- Dataset entries
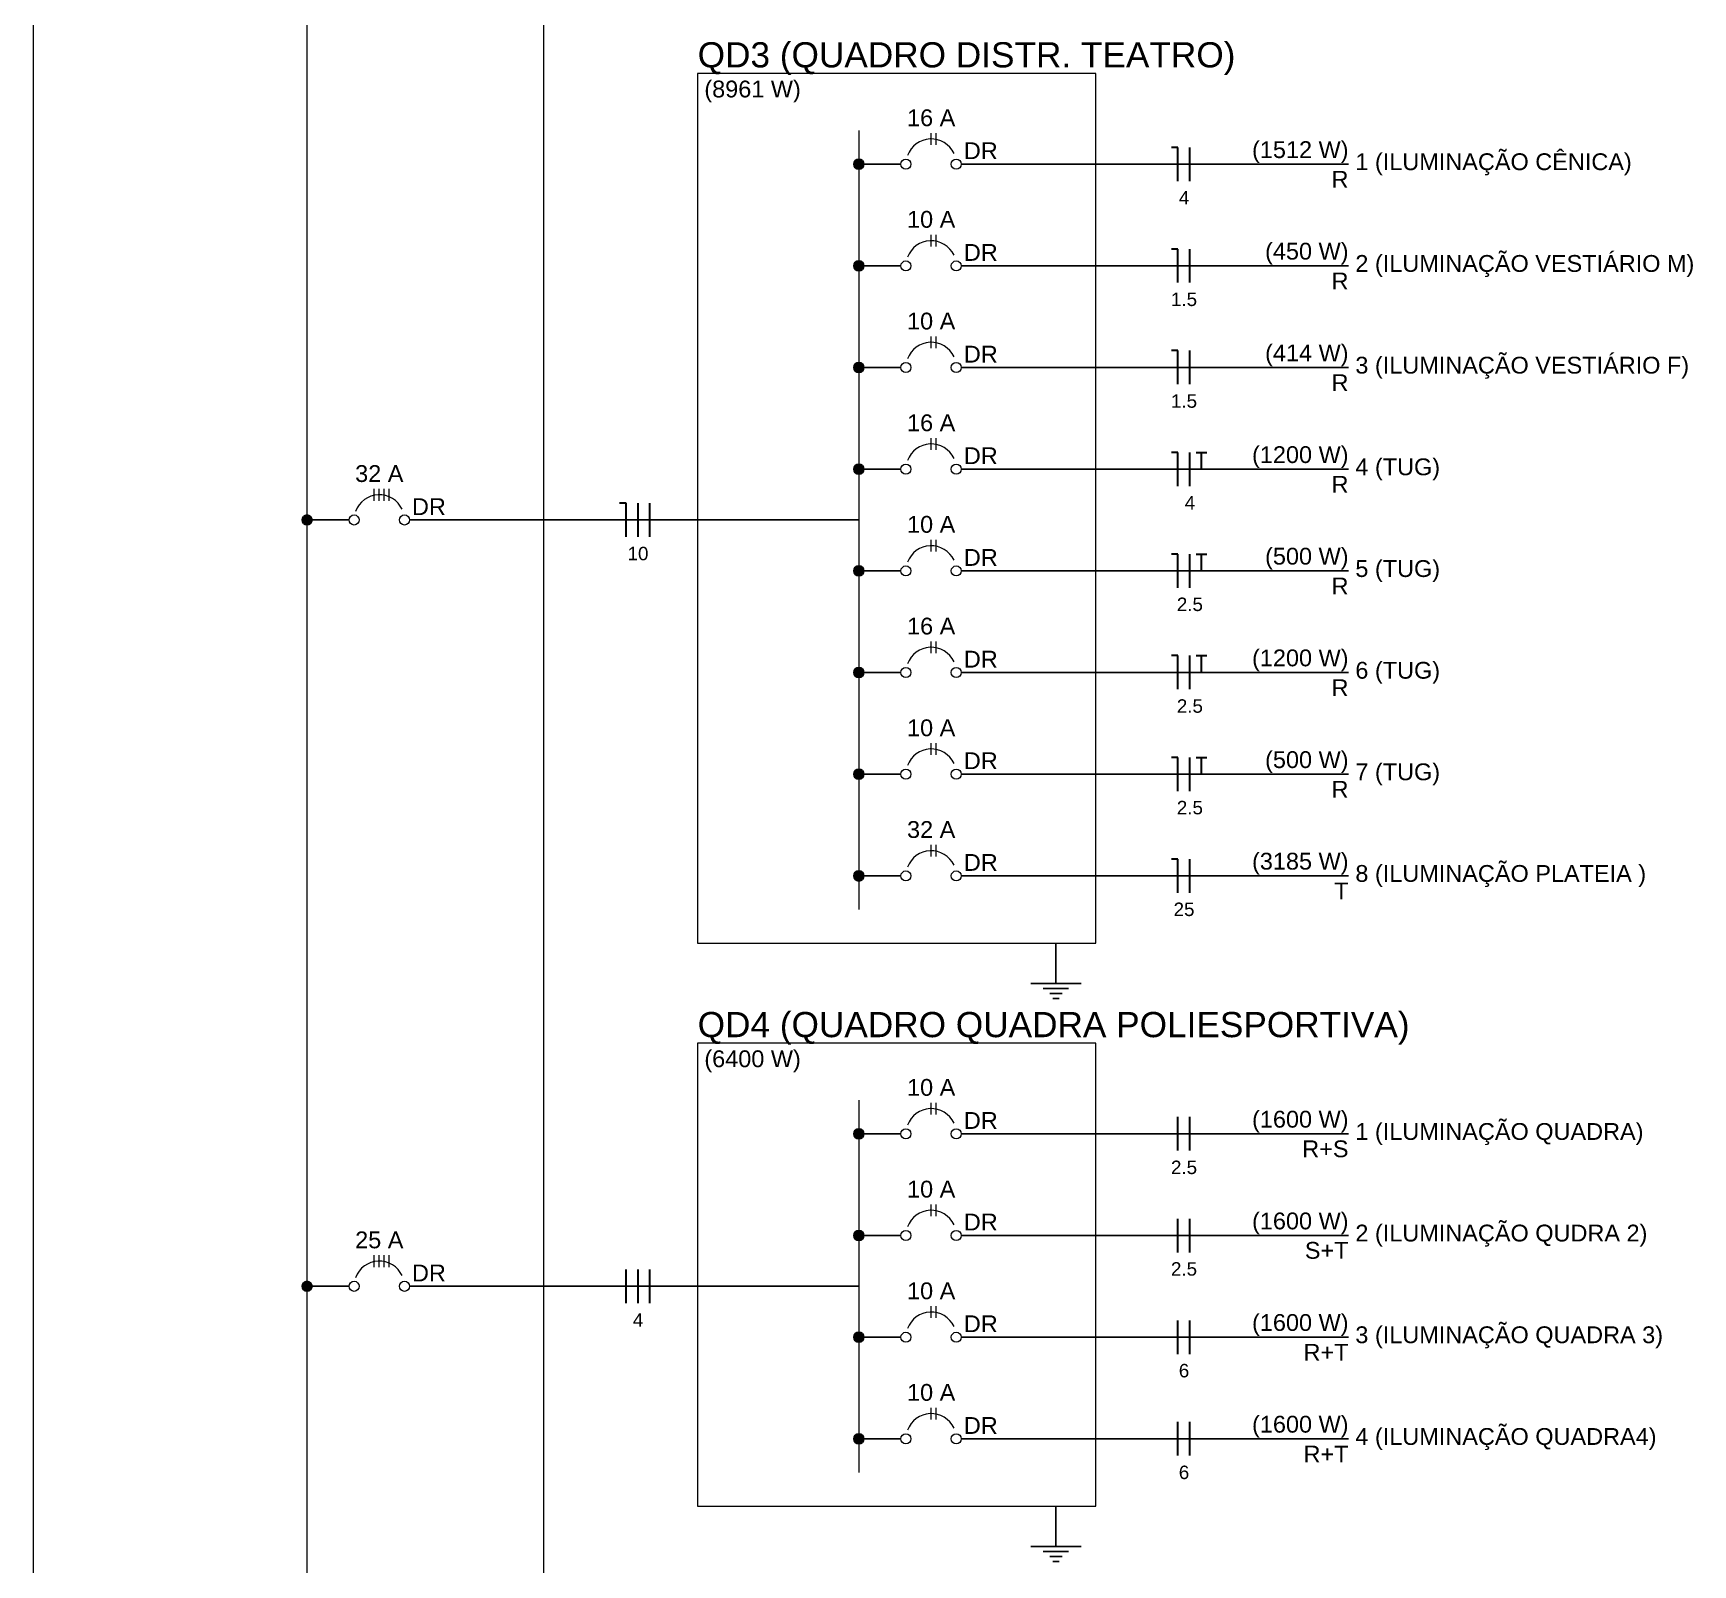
# Model space of a CAD drawing. Header units: millimetres. Extents: x -395 to 1008, y 9 to 692.
# Drawn here: x 107.86 to 118.32, y 86.09 to 95.75 of the extents above; entities that cross this region are included whole.
import ezdxf

# ---------------------------------------------------------------- set-up
doc = ezdxf.new("R2010")
doc.units = ezdxf.units.MM
doc.header["$LTSCALE"] = 0.1
doc.header["$MEASUREMENT"] = 0
for name, color, linetype, lineweight in [('.10', 200, 'Continuous', 5), ('.30', 50, 'Continuous', 5), ('.40 Interno parede', 27, 'Continuous', 5)]:
    doc.layers.add(name, color=color, linetype=linetype, lineweight=lineweight)
doc.layers.add('DI-Linhas_do_diagrama', color=9, linetype='Continuous')
doc.layers.add('DI-Textos_do_diagrama', color=7, linetype='Continuous')
doc.styles.add('Arial', font='arial.ttf')

msp = doc.modelspace()

# ---------------------------------------------------------------- hatches: boundary and pattern name
at = {"layer": 'DI-Linhas_do_diagrama', "linetype": 'Continuous'}
for points in [[(113.097, 94.92), (113.097, 94.923), (113.096, 94.926), (113.096, 94.928), (113.095, 94.931), (113.094, 94.934), (113.093, 94.936), (113.091, 94.938), (113.09, 94.941), (113.088, 94.943), (113.086, 94.944), (113.083, 94.946), (113.081, 94.948), (113.079, 94.949), (113.076, 94.95), (113.073, 94.951), (113.071, 94.951), (113.068, 94.952), (113.065, 94.952), (113.062, 94.952), (113.06, 94.951), (113.057, 94.951), (113.054, 94.95), (113.052, 94.949), (113.049, 94.948), (113.047, 94.946), (113.045, 94.944), (113.043, 94.943), (113.041, 94.941), (113.039, 94.938), (113.038, 94.936), (113.036, 94.934), (113.035, 94.931), (113.035, 94.928), (113.034, 94.926), (113.034, 94.923), (113.033, 94.92), (113.065, 94.92)], [(113.033, 94.92), (113.034, 94.917), (113.034, 94.915), (113.035, 94.912), (113.035, 94.909), (113.036, 94.907), (113.038, 94.904), (113.039, 94.902), (113.041, 94.9), (113.043, 94.898), (113.045, 94.896), (113.047, 94.894), (113.049, 94.893), (113.052, 94.891), (113.054, 94.89), (113.057, 94.889), (113.06, 94.889), (113.062, 94.888), (113.065, 94.888), (113.068, 94.888), (113.071, 94.889), (113.073, 94.889), (113.076, 94.89), (113.079, 94.891), (113.081, 94.893), (113.083, 94.894), (113.086, 94.896), (113.088, 94.898), (113.09, 94.9), (113.091, 94.902), (113.093, 94.904), (113.094, 94.907), (113.095, 94.909), (113.096, 94.912), (113.096, 94.915), (113.097, 94.917), (113.097, 94.92), (113.065, 94.92)], [(113.097, 94.279), (113.097, 94.282), (113.096, 94.285), (113.096, 94.288), (113.095, 94.29), (113.094, 94.293), (113.093, 94.295), (113.091, 94.298), (113.09, 94.3), (113.088, 94.302), (113.086, 94.304), (113.083, 94.305), (113.081, 94.307), (113.079, 94.308), (113.076, 94.309), (113.073, 94.31), (113.071, 94.311), (113.068, 94.311), (113.065, 94.311), (113.062, 94.311), (113.06, 94.311), (113.057, 94.31), (113.054, 94.309), (113.052, 94.308), (113.049, 94.307), (113.047, 94.305), (113.045, 94.304), (113.043, 94.302), (113.041, 94.3), (113.039, 94.298), (113.038, 94.295), (113.036, 94.293), (113.035, 94.29), (113.035, 94.288), (113.034, 94.285), (113.034, 94.282), (113.033, 94.279), (113.065, 94.279)], [(113.033, 94.279), (113.034, 94.277), (113.034, 94.274), (113.035, 94.271), (113.035, 94.269), (113.036, 94.266), (113.038, 94.264), (113.039, 94.261), (113.041, 94.259), (113.043, 94.257), (113.045, 94.255), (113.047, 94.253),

- Instructions to follow
Go through the records above and write out every line exactly, passing over the pictures.

- Exercise response
# Model space of a CAD drawing. Header units: millimetres. Extents: x -395 to 1008, y 9 to 692.
# Drawn here: x 107.86 to 118.32, y 86.09 to 95.75 of the extents above; entities that cross this region are included whole.
import ezdxf

# ---------------------------------------------------------------- set-up
doc = ezdxf.new("R2010")
doc.units = ezdxf.units.MM
doc.header["$LTSCALE"] = 0.1
doc.header["$MEASUREMENT"] = 0
for name, color, linetype, lineweight in [('.10', 200, 'Continuous', 5), ('.30', 50, 'Continuous', 5), ('.40 Interno parede', 27, 'Continuous', 5)]:
    doc.layers.add(name, color=color, linetype=linetype, lineweight=lineweight)
doc.layers.add('DI-Linhas_do_diagrama', color=9, linetype='Continuous')
doc.layers.add('DI-Textos_do_diagrama', color=7, linetype='Continuous')
doc.styles.add('Arial', font='arial.ttf')

msp = doc.modelspace()

# ---------------------------------------------------------------- hatches: boundary and pattern name
at = {"layer": 'DI-Linhas_do_diagrama', "linetype": 'Continuous'}
for points in [[(113.097, 94.92), (113.097, 94.923), (113.096, 94.926), (113.096, 94.928), (113.095, 94.931), (113.094, 94.934), (113.093, 94.936), (113.091, 94.938), (113.09, 94.941), (113.088, 94.943), (113.086, 94.944), (113.083, 94.946), (113.081, 94.948), (113.079, 94.949), (113.076, 94.95), (113.073, 94.951), (113.071, 94.951), (113.068, 94.952), (113.065, 94.952), (113.062, 94.952), (113.06, 94.951), (113.057, 94.951), (113.054, 94.95), (113.052, 94.949), (113.049, 94.948), (113.047, 94.946), (113.045, 94.944), (113.043, 94.943), (113.041, 94.941), (113.039, 94.938), (113.038, 94.936), (113.036, 94.934), (113.035, 94.931), (113.035, 94.928), (113.034, 94.926), (113.034, 94.923), (113.033, 94.92), (113.065, 94.92)], [(113.033, 94.92), (113.034, 94.917), (113.034, 94.915), (113.035, 94.912), (113.035, 94.909), (113.036, 94.907), (113.038, 94.904), (113.039, 94.902), (113.041, 94.9), (113.043, 94.898), (113.045, 94.896), (113.047, 94.894), (113.049, 94.893), (113.052, 94.891), (113.054, 94.89), (113.057, 94.889), (113.06, 94.889), (113.062, 94.888), (113.065, 94.888), (113.068, 94.888), (113.071, 94.889), (113.073, 94.889), (113.076, 94.89), (113.079, 94.891), (113.081, 94.893), (113.083, 94.894), (113.086, 94.896), (113.088, 94.898), (113.09, 94.9), (113.091, 94.902), (113.093, 94.904), (113.094, 94.907), (113.095, 94.909), (113.096, 94.912), (113.096, 94.915), (113.097, 94.917), (113.097, 94.92), (113.065, 94.92)], [(113.097, 94.279), (113.097, 94.282), (113.096, 94.285), (113.096, 94.288), (113.095, 94.29), (113.094, 94.293), (113.093, 94.295), (113.091, 94.298), (113.09, 94.3), (113.088, 94.302), (113.086, 94.304), (113.083, 94.305), (113.081, 94.307), (113.079, 94.308), (113.076, 94.309), (113.073, 94.31), (113.071, 94.311), (113.068, 94.311), (113.065, 94.311), (113.062, 94.311), (113.06, 94.311), (113.057, 94.31), (113.054, 94.309), (113.052, 94.308), (113.049, 94.307), (113.047, 94.305), (113.045, 94.304), (113.043, 94.302), (113.041, 94.3), (113.039, 94.298), (113.038, 94.295), (113.036, 94.293), (113.035, 94.29), (113.035, 94.288), (113.034, 94.285), (113.034, 94.282), (113.033, 94.279), (113.065, 94.279)], [(113.033, 94.279), (113.034, 94.277), (113.034, 94.274), (113.035, 94.271), (113.035, 94.269), (113.036, 94.266), (113.038, 94.264), (113.039, 94.261), (113.041, 94.259), (113.043, 94.257), (113.045, 94.255), (113.047, 94.253),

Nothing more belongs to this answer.